THE PRESENT CIVILISATION -WILL IT FAIL?

Extracted from The Rape of the Earth,” by Dr. G. V. Jacks, Assistant-Director, Imperial Bureau of Soil Science, Rothamstead Experimental Station, England.

AS the result solely of human mismanagement, the soils upon which men have attempted to found new civilizations are disappearing, washed away by water and blown away by wind. To-day, destruction of the earth’s thin living cover is proceeding at a rate and on a scale unparalleled in history, and when that thin cover the soil —is gone, the fertile regions where it formerly lay will be uninhabitable deserts. Already, indeed, probably nearly a million square miles of new desert have been formed, a far larger area is approaching desert conditions and throughout the New World erosion is taking its relentless toll of soil fertility with incredible and ever-increasing speed. Science produces new aids to agriculture—new machines that do the work of a score of men, new crop varieties that thrive in climates formerly considered too harsh for agriculture, new fertilizers that double and treble yields—yet taken the world over the average output per unit area of land is falling. There is a limit to the extent to which applied science can temporarily force up soil productivity, but there is no limit except zero to the extent to which erosion can permanently reduce it. A nation cannot survive in a desert, nor enjoy more than a hollow and short-lived prosperity if it exists by consuming its soil. That is what all the new lands of promise have been doing for the last hundred years, though few as yet realise the full consequences of their past action or that soil erosion is altering the course of world history more radically than any war or revolution. Erosion is humbling mighty nations, re-shaping their domestic and external policies and once and for all it has barred the way to the El Dorado that a few years ago seemed almost within reach. Erosion in Nature is a beneficent process without which the world would have died long ago.
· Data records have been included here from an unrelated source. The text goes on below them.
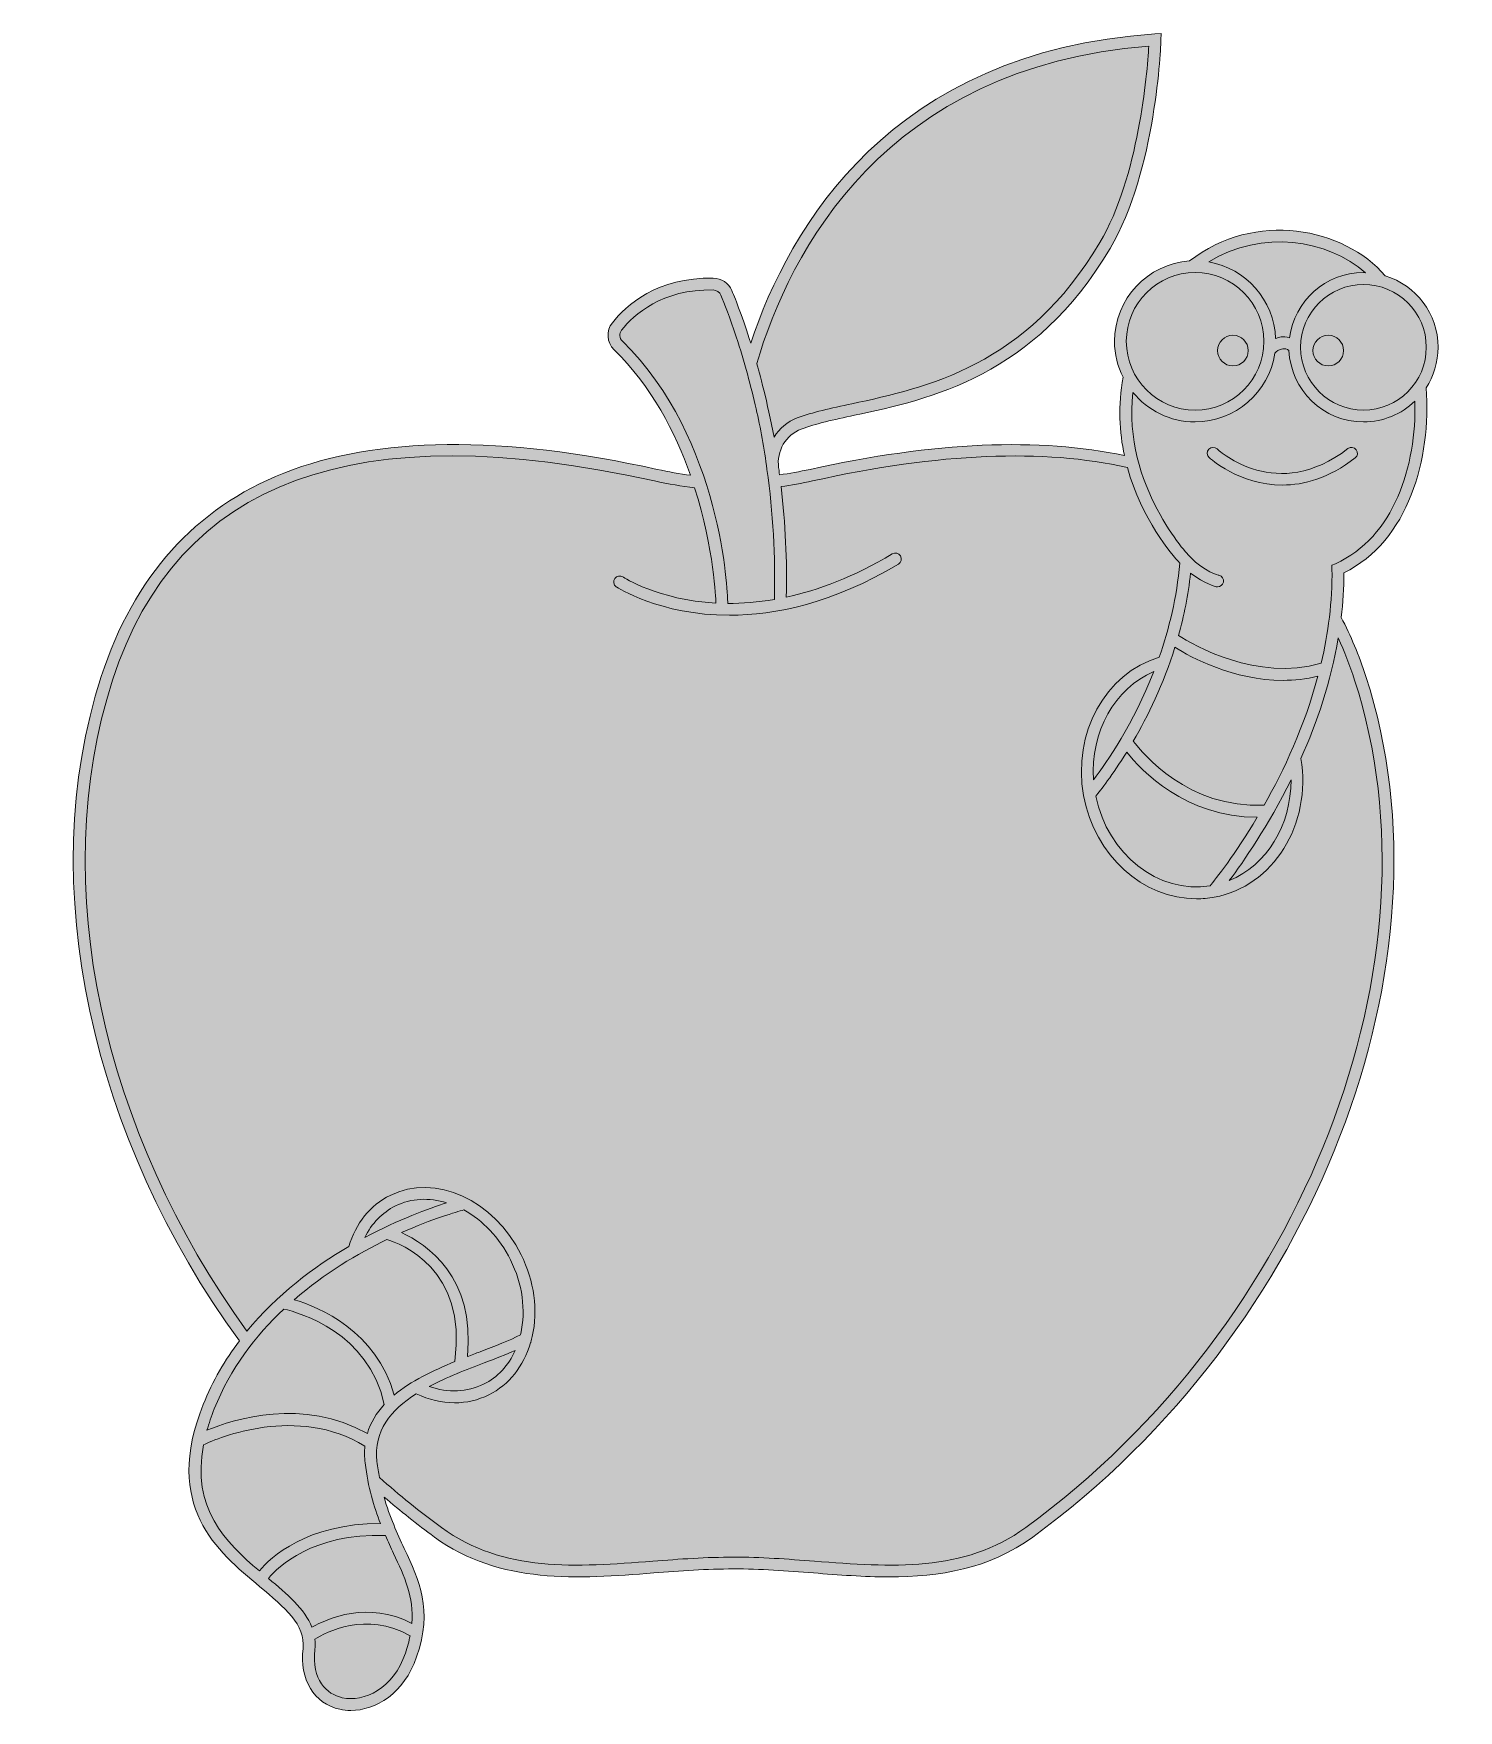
# Model space of a CAD drawing. Header units: inches. Extents: x 0.22 to 3.23, y -3.92 to -0.37.
import ezdxf

# ---------------------------------------------------------------- set-up
doc = ezdxf.new("R2010")
doc.units = ezdxf.units.IN
doc.header["$MEASUREMENT"] = 0
doc.layers.add('Design', color=7, linetype='Continuous', lineweight=0)

msp = doc.modelspace()

# ---------------------------------------------------------------- hatches: boundary and pattern name
at = {"layer": 'Design', "true_color": 0xf8e0c5, "transparency": 33554687}
h = msp.add_hatch(color=254, dxfattribs=at)
h.dxf.hatch_style = 2
edge = h.paths.add_edge_path()
edge.add_spline(control_points=[(3.1633, -1.1219), (3.1794, -1.0972), (3.1889, -1.0677), (3.1889, -1.0361), (3.1889, -0.9651), (3.1418, -0.905), (3.0773, -0.8852), (2.9906, -0.7833), (2.8018, -0.7459), (2.6636, -0.8537), (2.5752, -0.8598), (2.505, -0.9335), (2.505, -1.0235), (2.505, -1.0507), (2.5116, -1.0764), (2.523, -1.0992), (2.5121, -1.1594), (2.5153, -1.2152), (2.526, -1.2649), (2.347, -1.2264), (2.1244, -1.2358), (1.8617, -1.294), (1.8393, -1.2989), (1.8181, -1.3026), (1.7973, -1.3056), (1.7966, -1.3006), (1.7953, -1.2905), (1.7953, -1.2905), (1.7903, -1.2554), (1.8105, -1.2211), (1.8432, -1.2088), (1.8738, -1.1974), (1.9116, -1.1892), (1.9554, -1.1798), (2.116, -1.1453), (2.3359, -1.0979), (2.4957, -0.8274), (2.593, -0.6626), (2.6028, -0.3981), (2.6032, -0.387), (2.6032, -0.387), (2.6037, -0.3732), (2.6037, -0.3732), (2.6037, -0.3732), (2.5899, -0.3741), (2.5899, -0.3741), (2.0326, -0.411), (1.8176, -0.7825), (1.7362, -1.0271), (1.7198, -0.9746), (1.7048, -0.9364), (1.6964, -0.9164), (1.6898, -0.9006), (1.6744, -0.8902), (1.6572, -0.8899), (1.5382, -0.8878), (1.4726, -0.948), (1.4439, -0.9841), (1.4302, -1.0013), (1.4318, -1.0259), (1.4477, -1.0414), (1.5272, -1.119), (1.5773, -1.2164), (1.6089, -1.3066), (1.5862, -1.3035), (1.563, -1.2994), (1.5385, -1.294), (1.211, -1.2215), (0.9456, -1.2242), (0.7495, -1.3019), (0.5623, -1.3761), (0.4325, -1.5206), (0.3639, -1.7316), (0.2207, -2.172), (0.3448, -2.7087), (0.6556, -3.1355), (0.6255, -3.1754), (0.5993, -3.22), (0.5794, -3.2699), (0.494, -3.4842), (0.6077, -3.5789), (0.699, -3.6549), (0.751, -3.6982), (0.7958, -3.7356), (0.7902, -3.7851), (0.7828, -3.8512), (0.8132, -3.9017), (0.8677, -3.9139), (0.8752, -3.9155), (0.883, -3.9164), (0.891, -3.9164), (0.9435, -3.9164), (1.0043, -3.8801), (1.0303, -3.8031), (1.0644, -3.7023), (1.0365, -3.6428), (1.0042, -3.5739), (0.9894, -3.5423), (0.9734, -3.5078), (0.9614, -3.4654), (0.9958, -3.4947), (1.0311, -3.5232), (1.0679, -3.5499), (1.2064, -3.6509), (1.3716, -3.6381), (1.5313, -3.6258), (1.5868, -3.6216), (1.6442, -3.617), (1.7001, -3.6174), (1.7559, -3.6169), (1.8134, -3.6215), (1.8688, -3.6258), (1.9219, -3.6299), (1.9756, -3.6341), (2.0287, -3.6341), (2.1354, -3.6341), (2.2397, -3.6174), (2.3323, -3.5499), (2.9293, -3.1149), (3.2319, -2.3332), (3.0362, -1.7316), (3.0217, -1.6869), (3.0041, -1.6454), (2.9841, -1.6067), (2.9877, -1.5759), (2.9898, -1.5445), (2.9897, -1.5126), (3.1261, -1.4461), (3.1751, -1.2704), (3.1633, -1.1219)], knot_values=[0, 0, 0, 0, 1, 1, 1, 2, 2, 2, 3, 3, 3, 4, 4, 4, 5, 5, 5, 6, 6, 6, 7, 7, 7, 8, 8, 8, 9, 9, 9, 10, 10, 10, 11, 11, 11, 12, 12, 12, 13, 13, 13, 14, 14, 14, 15, 15, 15, 16, 16, 16, 17, 17, 17, 18, 18, 18, 19, 19, 19, 20, 20, 20, 21, 21, 21, 22, 22, 22, 23, 23, 23, 24, 24, 24, 25, 25, 25, 26, 26, 26, 27, 27, 27, 28, 28, 28, 29, 29, 29, 30, 30, 30, 31, 31, 31, 32, 32, 32, 33, 33, 33, 34, 34, 34, 35, 35, 35, 36, 36, 36, 37, 37, 37, 38, 38, 38, 39, 39, 39, 40, 40, 40, 41, 41, 41, 42, 42, 42, 43, 43, 43, 43], degree=3, periodic=0)
at = {"layer": 'Design', "true_color": 0x333333, "transparency": 33554687}
h = msp.add_hatch(color=250, dxfattribs=at)
h.dxf.hatch_style = 2
edge = h.paths.add_edge_path()
edge.add_spline(control_points=[(2.705, -1.2692), (2.7, -1.2645), (2.6997, -1.2566), (2.7044, -1.2516), (2.7091, -1.2465), (2.717, -1.2462), (2.722, -1.2509), (2.7271, -1.2557), (2.8488, -1.3655), (2.9983, -1.2502), (3.0038, -1.246), (3.0116, -1.247), (3.0158, -1.2525), (3.02, -1.2579), (3.019, -1.2658), (3.0135, -1.27), (2.958, -1.3129), (2.9053, -1.3272), (2.8597, -1.3272), (2.7686, -1.3272), (2.7059, -1.2701), (2.705, -1.2692)], knot_values=[0, 0, 0, 0, 1, 1, 1, 2, 2, 2, 3, 3, 3, 4, 4, 4, 5, 5, 5, 6, 6, 6, 7, 7, 7, 7], degree=3, periodic=0)
edge = h.paths.add_edge_path()
edge.add_spline(control_points=[(2.9891, -1.0431), (2.9891, -1.0609), (2.9746, -1.0754), (2.9567, -1.0754), (2.9389, -1.0754), (2.9244, -1.0609), (2.9244, -1.0431), (2.9244, -1.0252), (2.9389, -1.0107), (2.9567, -1.0107), (2.9746, -1.0107), (2.9891, -1.0252), (2.9891, -1.0431)], knot_values=[0, 0, 0, 0, 1, 1, 1, 2, 2, 2, 3, 3, 3, 4, 4, 4, 4], degree=3, periodic=0)
edge = h.paths.add_edge_path()
edge.add_spline(control_points=[(2.7229, -1.0431), (2.7229, -1.0252), (2.7374, -1.0107), (2.7553, -1.0107), (2.7732, -1.0107), (2.7877, -1.0252), (2.7877, -1.0431), (2.7877, -1.0609), (2.7732, -1.0754), (2.7553, -1.0754), (2.7374, -1.0754), (2.7229, -1.0609), (2.7229, -1.0431)], knot_values=[0, 0, 0, 0, 1, 1, 1, 2, 2, 2, 3, 3, 3, 4, 4, 4, 4], degree=3, periodic=0)
edge = h.paths.add_edge_path()
edge.add_spline(control_points=[(3.0124, -1.7393), (3.2049, -2.3311), (2.9062, -3.1008), (2.3175, -3.5297), (2.1864, -3.6253), (2.0331, -3.6134), (1.8707, -3.6009), (1.8148, -3.5966), (1.7569, -3.5923), (1.7001, -3.5924), (1.6431, -3.5924), (1.5853, -3.5966), (1.5294, -3.6009), (1.3671, -3.6134), (1.2137, -3.6253), (1.0826, -3.5297), (1.0371, -3.4966), (0.9936, -3.4611), (0.9517, -3.4241), (0.9496, -3.4134), (0.9478, -3.4023), (0.9464, -3.3904), (0.9387, -3.3258), (0.9762, -3.2813), (1.0295, -3.2475), (1.0563, -3.2599), (1.0837, -3.2663), (1.1102, -3.2663), (1.1355, -3.2663), (1.1601, -3.2607), (1.1828, -3.2494), (1.2256, -3.2283), (1.2564, -3.1894), (1.271, -3.1395), (1.2712, -3.1393), (1.2716, -3.1391), (1.2718, -3.139), (1.2718, -3.139), (1.2713, -3.1381), (1.2713, -3.1381), (1.2725, -3.1341), (1.2737, -3.1302), (1.2747, -3.1261), (1.2871, -3.0705), (1.2788, -3.0092), (1.2511, -2.9533), (1.1937, -2.8372), (1.0695, -2.7809), (0.9743, -2.828), (0.9324, -2.8487), (0.9015, -2.8871), (0.8867, -2.9361), (0.8131, -2.9791), (0.7352, -3.0376), (0.6716, -3.1152), (0.3683, -2.6957), (0.2475, -2.1704), (0.3877, -1.7393), (0.5254, -1.316), (0.9, -1.1784), (1.5331, -1.3184), (1.5627, -1.3249), (1.5905, -1.3296), (1.6177, -1.3328), (1.6589, -1.4626), (1.6626, -1.5712), (1.6626, -1.5731), (1.6626, -1.5731), (1.6627, -1.5764), (1.6627, -1.5764), (1.5401, -1.5698), (1.4675, -1.5221), (1.4662, -1.5213), (1.4605, -1.5174), (1.4527, -1.5189), (1.4488, -1.5246), (1.4449, -1.5303), (1.4464, -1.538), (1.4521, -1.5419), (1.4536, -1.5429), (1.5431, -1.6022), (1.6914, -1.6022), (1.7881, -1.6022), (1.9098, -1.577), (2.0483, -1.4941), (2.0543, -1.4906), (2.0562, -1.4829), (2.0526, -1.477), (2.0491, -1.4711), (2.0414, -1.4692), (2.0355, -1.4727), (1.9539, -1.5215), (1.8787, -1.5494), (1.8113, -1.564), (1.8133, -1.4869), (1.8097, -1.4086), (1.8004, -1.3304), (1.822, -1.3273), (1.8439, -1.3235), (1.8671, -1.3184), (2.1344, -1.2592), (2.3555, -1.2498), (2.5322, -1.2903), (2.5624, -1.3992), (2.626, -1.474), (2.6429, -1.4924), (2.6369, -1.5642), (2.6205, -1.6311), (2.5995, -1.6908), (2.4857, -1.7251), (2.4157, -1.8518), (2.4397, -1.9833), (2.4629, -2.1107), (2.5656, -2.2014), (2.6782, -2.2014), (2.6906, -2.2014), (2.7032, -2.2003), (2.7158, -2.198), (2.8404, -2.1753), (2.9221, -2.0441), (2.8991, -1.9047), (2.9328, -1.8292), (2.9623, -1.7429), (2.9779, -1.6503), (2.9907, -1.6785), (3.0023, -1.708), (3.0124, -1.7393)], knot_values=[0, 0, 0, 0, 1, 1, 1, 2, 2, 2, 3, 3, 3, 4, 4, 4, 5, 5, 5, 6, 6, 6, 7, 7, 7, 8, 8, 8, 9, 9, 9, 10, 10, 10, 11, 11, 11, 12, 12, 12, 13, 13, 13, 14, 14, 14, 15, 15, 15, 16, 16, 16, 17, 17, 17, 18, 18, 18, 19, 19, 19, 20, 20, 20, 21, 21, 21, 22, 22, 22, 23, 23, 23, 24, 24, 24, 25, 25, 25, 26, 26, 26, 27, 27, 27, 28, 28, 28, 29, 29, 29, 30, 30, 30, 31, 31, 31, 32, 32, 32, 33, 33, 33, 34, 34, 34, 35, 35, 35, 36, 36, 36, 37, 37, 37, 38, 38, 38, 39, 39, 39, 40, 40, 40, 41, 41, 41, 42, 42, 42, 42], degree=3, periodic=0)
edge = h.paths.add_edge_path()
edge.add_spline(control_points=[(1.0202, -3.7323), (0.9273, -3.6843), (0.8421, -3.7217), (0.8088, -3.7407), (0.7939, -3.702), (0.7565, -3.6702), (0.717, -3.6374), (0.7376, -3.6123), (0.8095, -3.5425), (0.9642, -3.5464), (0.97, -3.5597), (0.9759, -3.5723), (0.9816, -3.5845), (1.0049, -3.6342), (1.0245, -3.6762), (1.0202, -3.7323)], knot_values=[0, 0, 0, 0, 1, 1, 1, 2, 2, 2, 3, 3, 3, 4, 4, 4, 5, 5, 5, 5], degree=3, periodic=0)
edge = h.paths.add_edge_path()
edge.add_spline(control_points=[(0.8731, -3.8895), (0.8404, -3.8821), (0.8079, -3.8516), (0.8151, -3.7879), (0.8159, -3.7803), (0.8159, -3.773), (0.8151, -3.7659), (0.838, -3.7515), (0.9235, -3.7055), (1.0164, -3.7587), (1.0141, -3.7702), (1.011, -3.7822), (1.0066, -3.7951), (0.9813, -3.87), (0.919, -3.8996), (0.8731, -3.8895)], knot_values=[0, 0, 0, 0, 1, 1, 1, 2, 2, 2, 3, 3, 3, 4, 4, 4, 5, 5, 5, 5], degree=3, periodic=0)
edge = h.paths.add_edge_path()
edge.add_spline(control_points=[(0.5799, -3.355), (0.6114, -3.3402), (0.7773, -3.2702), (0.921, -3.3577), (0.9199, -3.3689), (0.92, -3.3808), (0.9215, -3.3934), (0.9276, -3.4447), (0.9399, -3.4858), (0.9539, -3.5214), (0.7974, -3.5212), (0.7215, -3.593), (0.6979, -3.6214), (0.6258, -3.5605), (0.5541, -3.4891), (0.5799, -3.355)], knot_values=[0, 0, 0, 0, 1, 1, 1, 2, 2, 2, 3, 3, 3, 4, 4, 4, 5, 5, 5, 5], degree=3, periodic=0)
edge = h.paths.add_edge_path()
edge.add_spline(control_points=[(0.9673, -2.9213), (0.9961, -2.9299), (1.1379, -2.9827), (1.111, -3.1793), (1.0645, -3.1983), (1.0181, -3.2205), (0.9827, -3.25), (0.946, -3.115), (0.8238, -3.0642), (0.7714, -3.0484), (0.8359, -2.9925), (0.9059, -2.951), (0.9673, -2.9213)], knot_values=[0, 0, 0, 0, 1, 1, 1, 2, 2, 2, 3, 3, 3, 4, 4, 4, 4], degree=3, periodic=0)
edge = h.paths.add_edge_path()
edge.add_spline(control_points=[(0.9208, -2.917), (0.9353, -2.8873), (0.9576, -2.8642), (0.9854, -2.8504), (1.019, -2.8337), (1.0569, -2.8325), (1.0936, -2.8436), (1.056, -2.8556), (0.9923, -2.8789), (0.9208, -2.917)], knot_values=[0, 0, 0, 0, 1, 1, 1, 2, 2, 2, 3, 3, 3, 3], degree=3, periodic=0)
edge = h.paths.add_edge_path()
edge.add_spline(control_points=[(1.2503, -3.1206), (1.2501, -3.1213), (1.2499, -3.122), (1.2497, -3.1227), (1.2267, -3.1347), (1.1963, -3.1463), (1.1644, -3.1584), (1.1556, -3.1618), (1.1466, -3.1652), (1.1375, -3.1688), (1.1547, -3.0001), (1.0514, -2.9309), (0.9983, -2.9068), (1.0638, -2.8776), (1.1146, -2.8629), (1.1298, -2.8589), (1.1695, -2.8805), (1.2052, -2.9169), (1.2287, -2.9644), (1.2538, -3.0152), (1.2615, -3.0706), (1.2503, -3.1206)], knot_values=[0, 0, 0, 0, 1, 1, 1, 2, 2, 2, 3, 3, 3, 4, 4, 4, 5, 5, 5, 6, 6, 6, 7, 7, 7, 7], degree=3, periodic=0)
edge = h.paths.add_edge_path()
edge.add_spline(control_points=[(1.1733, -3.1818), (1.1965, -3.1729), (1.2189, -3.1644), (1.2387, -3.1556), (1.2244, -3.1876), (1.2013, -3.2124), (1.1717, -3.227), (1.137, -3.2442), (1.0969, -3.2456), (1.0569, -3.2317), (1.0938, -3.2121), (1.1352, -3.1963), (1.1733, -3.1818)], knot_values=[0, 0, 0, 0, 1, 1, 1, 2, 2, 2, 3, 3, 3, 4, 4, 4, 4], degree=3, periodic=0)
edge = h.paths.add_edge_path()
edge.add_spline(control_points=[(0.7496, -3.0682), (0.783, -3.0758), (0.9289, -3.1176), (0.9618, -3.2698), (0.9453, -3.2877), (0.9328, -3.3081), (0.9261, -3.3315), (0.7907, -3.2542), (0.6442, -3.3007), (0.5872, -3.3243), (0.5913, -3.3099), (0.5963, -3.2949), (0.6026, -3.2791), (0.6366, -3.1939), (0.6898, -3.1245), (0.7496, -3.0682)], knot_values=[0, 0, 0, 0, 1, 1, 1, 2, 2, 2, 3, 3, 3, 4, 4, 4, 5, 5, 5, 5], degree=3, periodic=0)
edge = h.paths.add_edge_path()
edge.add_spline(control_points=[(1.4651, -1.0235), (1.4585, -1.017), (1.4578, -1.0068), (1.4635, -0.9996), (1.4893, -0.9672), (1.5488, -0.9128), (1.6568, -0.9149), (1.6641, -0.9151), (1.6706, -0.9194), (1.6734, -0.9261), (1.6804, -0.9429), (1.6923, -0.9729), (1.7057, -1.0138), (1.7231, -1.0669), (1.7371, -1.1198), (1.7477, -1.1662), (1.7566, -1.2054), (1.7658, -1.2517), (1.7705, -1.2937), (1.7705, -1.2937), (1.7705, -1.294), (1.7705, -1.294), (1.7836, -1.3859), (1.7888, -1.4783), (1.7862, -1.5689), (1.7509, -1.5749), (1.718, -1.5774), (1.6877, -1.5772), (1.6877, -1.5772), (1.6876, -1.5725), (1.6876, -1.5725), (1.6872, -1.5586), (1.6765, -1.2296), (1.4651, -1.0235)], knot_values=[0, 0, 0, 0, 1, 1, 1, 2, 2, 2, 3, 3, 3, 4, 4, 4, 5, 5, 5, 6, 6, 6, 7, 7, 7, 8, 8, 8, 9, 9, 9, 10, 10, 10, 11, 11, 11, 11], degree=3, periodic=0)
edge = h.paths.add_edge_path()
edge.add_spline(control_points=[(2.5775, -0.4), (2.5741, -0.457), (2.5559, -0.6763), (2.4741, -0.8147), (2.3199, -1.0758), (2.1062, -1.1218), (1.9502, -1.1554), (1.9054, -1.165), (1.8667, -1.1733), (1.8344, -1.1854), (1.8137, -1.1932), (1.7969, -1.2078), (1.7855, -1.2258), (1.7723, -1.1537), (1.7534, -1.0856), (1.749, -1.07), (1.8185, -0.8359), (2.018, -0.4433), (2.5775, -0.4)], knot_values=[0, 0, 0, 0, 1, 1, 1, 2, 2, 2, 3, 3, 3, 4, 4, 4, 5, 5, 5, 6, 6, 6, 6], degree=3, periodic=0)
edge = h.paths.add_edge_path()
edge.add_spline(control_points=[(2.8213, -2.0037), (2.6606, -2.0103), (2.565, -1.8954), (2.5447, -1.8681), (2.5752, -1.8155), (2.6082, -1.7481), (2.6327, -1.67), (2.6665, -1.691), (2.7563, -1.7399), (2.8612, -1.7399), (2.8851, -1.7399), (2.9098, -1.7373), (2.9348, -1.7313), (2.9069, -1.836), (2.8632, -1.9296), (2.8213, -2.0037)], knot_values=[0, 0, 0, 0, 1, 1, 1, 2, 2, 2, 3, 3, 3, 4, 4, 4, 5, 5, 5, 5], degree=3, periodic=0)
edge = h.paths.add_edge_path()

The same process, accelerated by human mismanagement, has become one of the most vicious and destructive forces that have ever been released by man. What is usually known as “geological erosion” or “denudation” is a universal phenomenon which through thousands of years has carved the earth into its present

shape. Denudation is an early and important process in soil formation, whereby the original rock material is continuously broken down and sorted out by wind and water until it becomes suitable for colonization by plants. Plants, by the binding effects of their roots, by the protection they afford against rain and wind and by the fertility they impart to the soil, bring denudation almost to a standstill. Everybody must have compared the rugged and irregular shape of bare mountain peaks where denudation is still active with the smooth and harmonious curves of slopes that have long been protected by a mantle of vegetation. Nevertheless, some slight denudation is always occurring. As each superficial film of plantcovered soil becomes exhausted it is removed by rain or wind, to be deposited mainly in the rivers and sea, and a corresponding thin layer of new soil forms by slow weathering of the underlying rock. The earth is continuously discarding its old, worn-out skin and renewing its living sheath of soil from the dead rock beneath. In this way an equilibrium is reached between denudation and soil formation so that, unless the equilibrium is disturbed, a mature soil preserves a more or less constant depth and character indefinitely. The depth is sometimes only a few inches, occasionally several feet, but within it lies the whole capacity of the earth to produce life. Below that thin layer comprising the delicate organism known as soil is a planet as lifeless as the moon. The equilibrium between denudation and soil formation is easily disturbed by the activities of man. Cultivation, deforestation or the destruction of the natural vegetation by grazing or other means, unless carried out according to certain immutable conditions imposed by each region, may so accelerate denudation that soil, which would normally be washed or blown away in a century, disappears within a year or even within a day. But no human ingenuity can accelerate the soil renewing process from lifeless rock to an extent at all comparable to the acceleration of denudation. This man-accelerated denudation is what is now known as soil erosion. It is the almost inevitable result of reducing

below a certain limit the natural fertility of the soilof man betraying his most sacred trust when he assumes dominion over the land. Man-induced soil erosion is taking place today in almost every country inhabited by civilized man, except north-western Europe. It is a disease to which any civilization founded on the European model seems liable when it attempts to grow outside Europe. Scarcely any climate or environment is immune from erosion, but it is most virulent in the semi-arid continental grasslandsthe steppes, prairies and veldts of North and South America, Australia, South Africa and Russia, which offer the greatest promise as future homes of civilization. It is also the gravest danger threatening the security of the white man and the well-being of the coloured man in the tropical and sub-tropical lands of Africa and India. Until quite recently erosion was regarded as a matter of merely local concern, ruining a few fields and farmsteads here and there, and compelling the occupiers to abandon their homes and move on to new land, but it is now recognized as a contagious disease spreading destruction far and wide irrespective of private, county, state, or national boundaries. Like other contagious diseases, erosion is most easily checked in its early stages; when it has advanced to the stage when it threatens the entire social structure, its control is extremely difficult. In the main, unimportant individuals have started erosion and been crushed by it, until the cumulative losses in property and widespread suffering and want have brought governments and nations, with their immense powers for good or evil, into the fray.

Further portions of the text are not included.